The package builds on FirecREST, a lightweight REST API for accessing HPC resources and the associated pyFirecREST Python library. It abstracts these resources in the form of a standard Python executor. Once the executor is created, which requires credentials and information about the remote supercomputer, you can submit Python functions to be executed remotely. The executor will transparently take care of the details, such as creating a job script, submitting it to the scheduler, and waiting for the results.

A simple example

from firecrest-executor import FirecrestExecutor
import logging


# functions to be executed remotely
def square_number(x):
    from math import pow

    return pow(x, 2)


def report_hostname():
    import subprocess
    import os

    cluster = os.environ.get("CLUSTER_NAME", "unknown")
    hostname = subprocess.check_output(["hostname"], text=True).strip()
    return f"Success testing execution on {hostname} of {cluster}!"
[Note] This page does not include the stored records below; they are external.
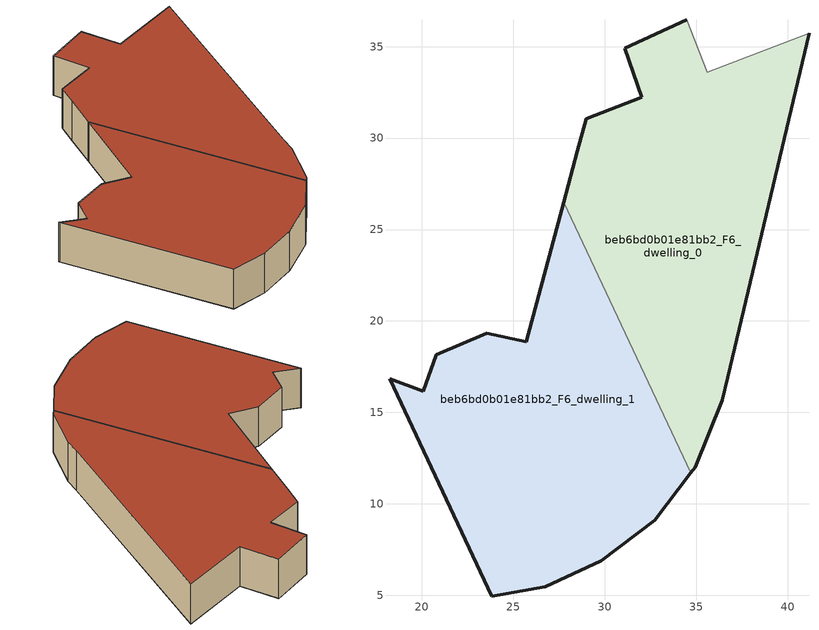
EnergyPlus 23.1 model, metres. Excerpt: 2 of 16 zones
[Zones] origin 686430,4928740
beb6bd0b01e81bb2_F6_dwelling_0
 floor to beb6bd0b01e81bb2_F5_dwelling_0 (EU_floor_Construction): 36.44,15.68 36.71,16.94 41.17,35.74 35.6,33.6 34.48,36.46 31.08,34.9 32.02,32.22 28.97,31.05 28.48,29.28 27.74,26.5 34.69,11.69 34.94,12.01 z18
 wall outside (EU_wall_Construction): 27.74,26.5 28.48,29.28 28.97,31.05 32.02,32.22 31.08,34.9 34.48,36.46 / 41.17,35.74 36.71,16.94 36.44,15.68 34.94,12.01 34.69,11.69 z18:21
 wall adiabatic (EU_wall_Construction): 34.48,36.46 35.6,33.6 41.17,35.74 z18:21
 wall to beb6bd0b01e81bb2_F6_dwelling_1 (EU_wall_Construction): 34.69,11.69 27.74,26.5 z18:21
 roof outside (EU_roof_Construction): 41.17,35.74 36.71,16.94 36.44,15.68 34.94,12.01 34.69,11.69 27.74,26.5 28.48,29.28 28.97,31.05 32.02,32.22 31.08,34.9 34.48,36.46 35.6,33.6 z21
beb6bd0b01e81bb2_F6_dwelling_1
 floor to beb6bd0b01e81bb2_F5_dwelling_1 (EU_floor_Construction): 32.72,9.1 34.69,11.69 27.74,26.5 25.7,18.88 23.54,19.32 20.79,18.16 20.08,16.17 18.23,16.84 23.81,4.96 26.73,5.48 29.79,6.9 z18
 wall outside (EU_wall_Construction): 34.69,11.69 32.72,9.1 29.8,6.9 26.73,5.48 23.81,4.96 18.23,16.84 20.08,16.17 20.8,18.16 23.55,19.32 25.7,18.88 27.74,26.5 z18:21
 roof outside (EU_roof_Construction): 27.74,26.5 34.69,11.69 32.72,9.1 29.8,6.9 26.73,5.48 23.81,4.96 18.23,16.84 20.08,16.17 20.8,18.16 23.55,19.32 25.7,18.88 z21
[Building]
EU S2 Campaign: North Axis=0; Terrain=City; Solar Distribution=FullExterior
[Site:Location]
Bologna: Latitude=44.5; Longitude=11.25; Time Zone=1; Elevation=37
[SizingPeriod:WeatherFileDays]
AnnualSizingPeriod: Begin Month=1; Begin Day of Month=1; End Month=12; End Day of Month=31; Day of Week for Start Day=Monday; Use Weather File Daylight Saving Period=No; Use Weather File Rain and Snow Indicators=No
[MATERIAL]
EU_InternalMass_Material: Roughness=MediumRough; Thickness=0.1; Conductivity=1; Density=1800; Specific Heat=900; Thermal Absorptance=0.9; Solar Absorptance=0.7; Visible Absorptance=0.7
[MATERIAL:NOMASS] Roughness=MediumRough; Thermal Absorptance=0.9; Solar Absorptance=0.7; Visible Absorptance=0.7
Name | Thermal Resistance
EU_wall_NoMass | 0.905828
EU_roof_NoMass | 0.37593
EU_floor_NoMass | 0.67114
[CONSTRUCTION]
EU_wall_Construction: EU_wall_NoMass
EU_roof_Construction: EU_roof_NoMass
EU_floor_Construction: EU_floor_NoMass
EU_InternalMass_Construction: EU_InternalMass_Material
[ZONE] Type=1; Multiplier=1; Ceiling Height=autocalculate; Floor Area=autocalculate; Part of Total Floor Area=Yes
Name | Volume
beb6bd0b01e81bb2_F6_dwelling_0 | 526.942
beb6bd0b01e81bb2_F6_dwelling_1 | 526.948
[INTERNALMASS] Construction=EU_InternalMass_Construction
Name | Zone or ZoneList | Surface Area
beb6bd0b01e81bb2_F6_dwelling_0_EU_InternalMass | beb6bd0b01e81bb2_F6_dwelling_0 | 263.479
beb6bd0b01e81bb2_F6_dwelling_1_EU_InternalMass | beb6bd0b01e81bb2_F6_dwelling_1 | 263.466
[OTHEREQUIPMENT] Fuel Type=Electricity; Design Level Calculation Method=Watts/Area; Power per Zone Floor Area=1; Fraction Latent=0; Fraction Radiant=0; Fraction Lost=0; Carbon Dioxide Generation Rate=0; EndUse Subcategory=EU_Step8_InternalGains
Name | Zone or ZoneList or Space or SpaceList | Schedule
EU_Step8_InternalGain_beb6bd0b01e81bb2_F6_dwelling_0_f000 | beb6bd0b01e81bb2_F6_dwelling_0 | EU_Step8_GainSchedule_beb6bd0b01e81bb2_F6_dwelling_0_f000
EU_Step8_InternalGain_beb6bd0b01e81bb2_F6_dwelling_1_f000 | beb6bd0b01e81bb2_F6_dwelling_1 | EU_Step8_GainSchedule_beb6bd0b01e81bb2_F6_dwelling_1_f000
[ZONEVENTILATION:DESIGNFLOWRATE] Schedule=EU_AlwaysOn; Design Flow Rate Calculation Method=AirChanges/Hour; Air Changes per Hour=0.73129; Ventilation Type=Natural; Fan Pressure Rise=0; Fan Total Efficiency=1; Constant Term Coefficient=1; Temperature Term Coefficient=0; Velocity Term Coefficient=0; Velocity Squared Term Coefficient=0; Minimum Indoor Temperature=-100; Maximum Indoor Temperature=100; Delta Temperature=-100; Minimum Outdoor Temperature=-100; Maximum Outdoor Temperature=100; Maximum Wind Speed=40
Name | Zone or ZoneList or Space or SpaceList
EU_ConstantAir_beb6bd0b01e81bb2_F6_dwelling_0 | beb6bd0b01e81bb2_F6_dwelling_0
EU_ConstantAir_beb6bd0b01e81bb2_F6_dwelling_1 | beb6bd0b01e81bb2_F6_dwelling_1
[HVACTEMPLATE:ZONE:IDEALLOADSAIRSYSTEM] System Availability Schedule=EU_AlwaysOn; Maximum Heating Supply Air Temperature=50; Minimum Cooling Supply Air Temperature=13; Maximum Heating Supply Air Humidity Ratio=0.0156; Minimum Cooling Supply Air Humidity Ratio=0.0077; Heating Limit=NoLimit; Cooling Limit=NoLimit; Heating Availability Schedule=EU_AlwaysOn; Cooling Availability Schedule=EU_CoolingOff; Dehumidification Control Type=ConstantSensibleHeatRatio; Cooling Sensible Heat Ratio=0.7; Dehumidification Setpoint=60; Humidification Control Type=None; Humidification Setpoint=30; Outdoor Air Method=None; Outdoor Air Flow Rate per Person=0.00944; Outdoor Air Flow Rate per Zone Floor Area=0; Outdoor Air Flow Rate per Zone=0; Demand Controlled Ventilation Type=None; Outdoor Air Economizer Type=NoEconomizer; Heat Recovery Type=None; Sensible Heat Recovery Effectiveness=0.7; Latent Heat Recovery Effectiveness=0.65
Name | Template Thermostat
beb6bd0b01e81bb2_F6_dwelling_0 | EU_HeatOnly_beb6bd0b01e81bb2_F6_dwelling_0
beb6bd0b01e81bb2_F6_dwelling_1 | EU_HeatOnly_beb6bd0b01e81bb2_F6_dwelling_1
[SIZING:ZONE] Zone Cooling Design Supply Air Temperature Input Method=SupplyAirTemperature; Zone Cooling Design Supply Air Temperature=13; Zone Heating Design Supply Air Temperature Input Method=SupplyAirTemperature; Zone Heating Design Supply Air Temperature=50; Zone Cooling Design Supply Air Humidity Ratio=0.008; Zone Heating Design Supply Air Humidity Ratio=0.008; Cooling Design Air Flow Method=DesignDay; Cooling Design Air Flow Rate=0; Cooling Minimum Air Flow per Zone Floor Area=0.000762; Cooling Minimum Air Flow=0; Cooling Minimum Air Flow Fraction=0.2; Heating Design Air Flow Method=DesignDay; Heating Design Air Flow Rate=0; Heating Maximum Air Flow per Zone Floor Area=0.002032; Heating Maximum Air Flow=0.141576; Heating Maximum Air Flow Fraction=0.3; Account for Dedicated Outdoor Air System=No; Dedicated Outdoor Air System Control Strategy=NeutralSupplyAir; Dedicated Outdoor Air Low Setpoint Temperature for Design=autosize; Dedicated Outdoor Air High Setpoint Temperature for Design=autosize; Zone Load Sizing Method=Sensible Load Only No Latent Load; Zone Latent Cooling Design Supply Air Humidity Ratio Input Method=HumidityRatioDifference; Zone Cooling Design Supply Air Humidity Ratio Difference=0.005; Zone Latent Heating Design Supply Air Humidity Ratio Input Method=HumidityRatioDifference; Zone Humidification Design Supply Air Humidity Ratio Difference=0.005
beb6bd0b01e81bb2_F6_dwelling_0; beb6bd0b01e81bb2_F6_dwelling_1
[SCHEDULE:CONSTANT]
Name | Hourly Value
EU_AlwaysOn | 1
EU_CoolingOff | 0
[SCHEDULE:FILE] Column Number=1; Rows to Skip at Top=0; Number of Hours of Data=8760; Column Separator=Comma; Interpolate to Timestep=No; Minutes per Item=60; Adjust Schedule for Daylight Savings=Yes
Name | File
EU_Step8_GainSchedule_beb6bd0b01e81bb2_F6_dwelling_0_f000 | ../../schedules/beb6bd0b01e81bb2/beb6bd0b01e81bb2_F6_dwelling_0_f000_gain.csv
EU_Step8_GainSchedule_beb6bd0b01e81bb2_F6_dwelling_1_f000 | ../../schedules/beb6bd0b01e81bb2/beb6bd0b01e81bb2_F6_dwelling_1_f000_gain.csv

print("Executing remotely, stay tuned...")

# Use the executor to remotely execute (asynchronously) the functions defined above.
with FirecrestExecutor(
    working_dir="/users/vjoost/FirecrestExecutorDemo/",
    sbatch_options=[
        "--job-name=FirecrestExecutor",
        "--time=00:10:00",
        "--nodes=1",
        "--partition=normal",
    ],
    srun_options=["--environment=/users/vjoost/FirecrestExecutorDemo/demo.toml"],
    sleep_interval=5,
    logger_level=logging.ERROR,
) as executor:
    # A quick test to see if the executor is working
    print(executor.submit(report_hostname).result())
    # and let's compute the square of some numbers
    numbers = range(2, 5)
    print("Let's compute squares of 2..4: ", list(executor.map(square_number, numbers)))

This results in the expected output:

$ python simple.py 
Executing remotely, stay tuned...
Success testing execution on nid005463 of clariden!
Let's compute squares of 2..4:  [4.0, 9.0, 16.0]

Getting started

Install the firecrest-executor

Directly from PyPI:

pip install firecrest-executor

or clone from github:

git clone https://github.com/vondele/firecrest-executor.git
cd firecrest-executor
pip install -e .[examples]

Enable FirecREST

This package requires you have access to a supercomputer that supports the firecREST API. Inquire with your HPC support team if you are unsure. For the Swiss national supercomputing center (CSCS) this is the case for all clusters see their documentation. Follow the process to obtain the necessary clients, tokens, and credentials to be able to access the system using the firecREST API and define the following environment variables:

        - FIRECREST_CLIENT_ID
        - FIRECREST_CLIENT_SECRET
        - AUTH_TOKEN_URL
        - FIRECREST_URL
        - FIRECREST_SYSTEM
        - FIRECREST_ACCOUNT

Ensure consistent environments

This package requires the same version of Python and of its dependencies (in particular the package to serialize Python functions and variables dill) to be available locally and remotely. Containers to the rescue (or manage your environment carefully with any other tool)! At CSCS the container engine allows for passing the --environment=foo.toml flag to srun, to start commands in a container with the specified settings. Hence, use an equivalent container locally and remotely. This container image should also contain the Python packages needed by any of the functions you want to execute remotely.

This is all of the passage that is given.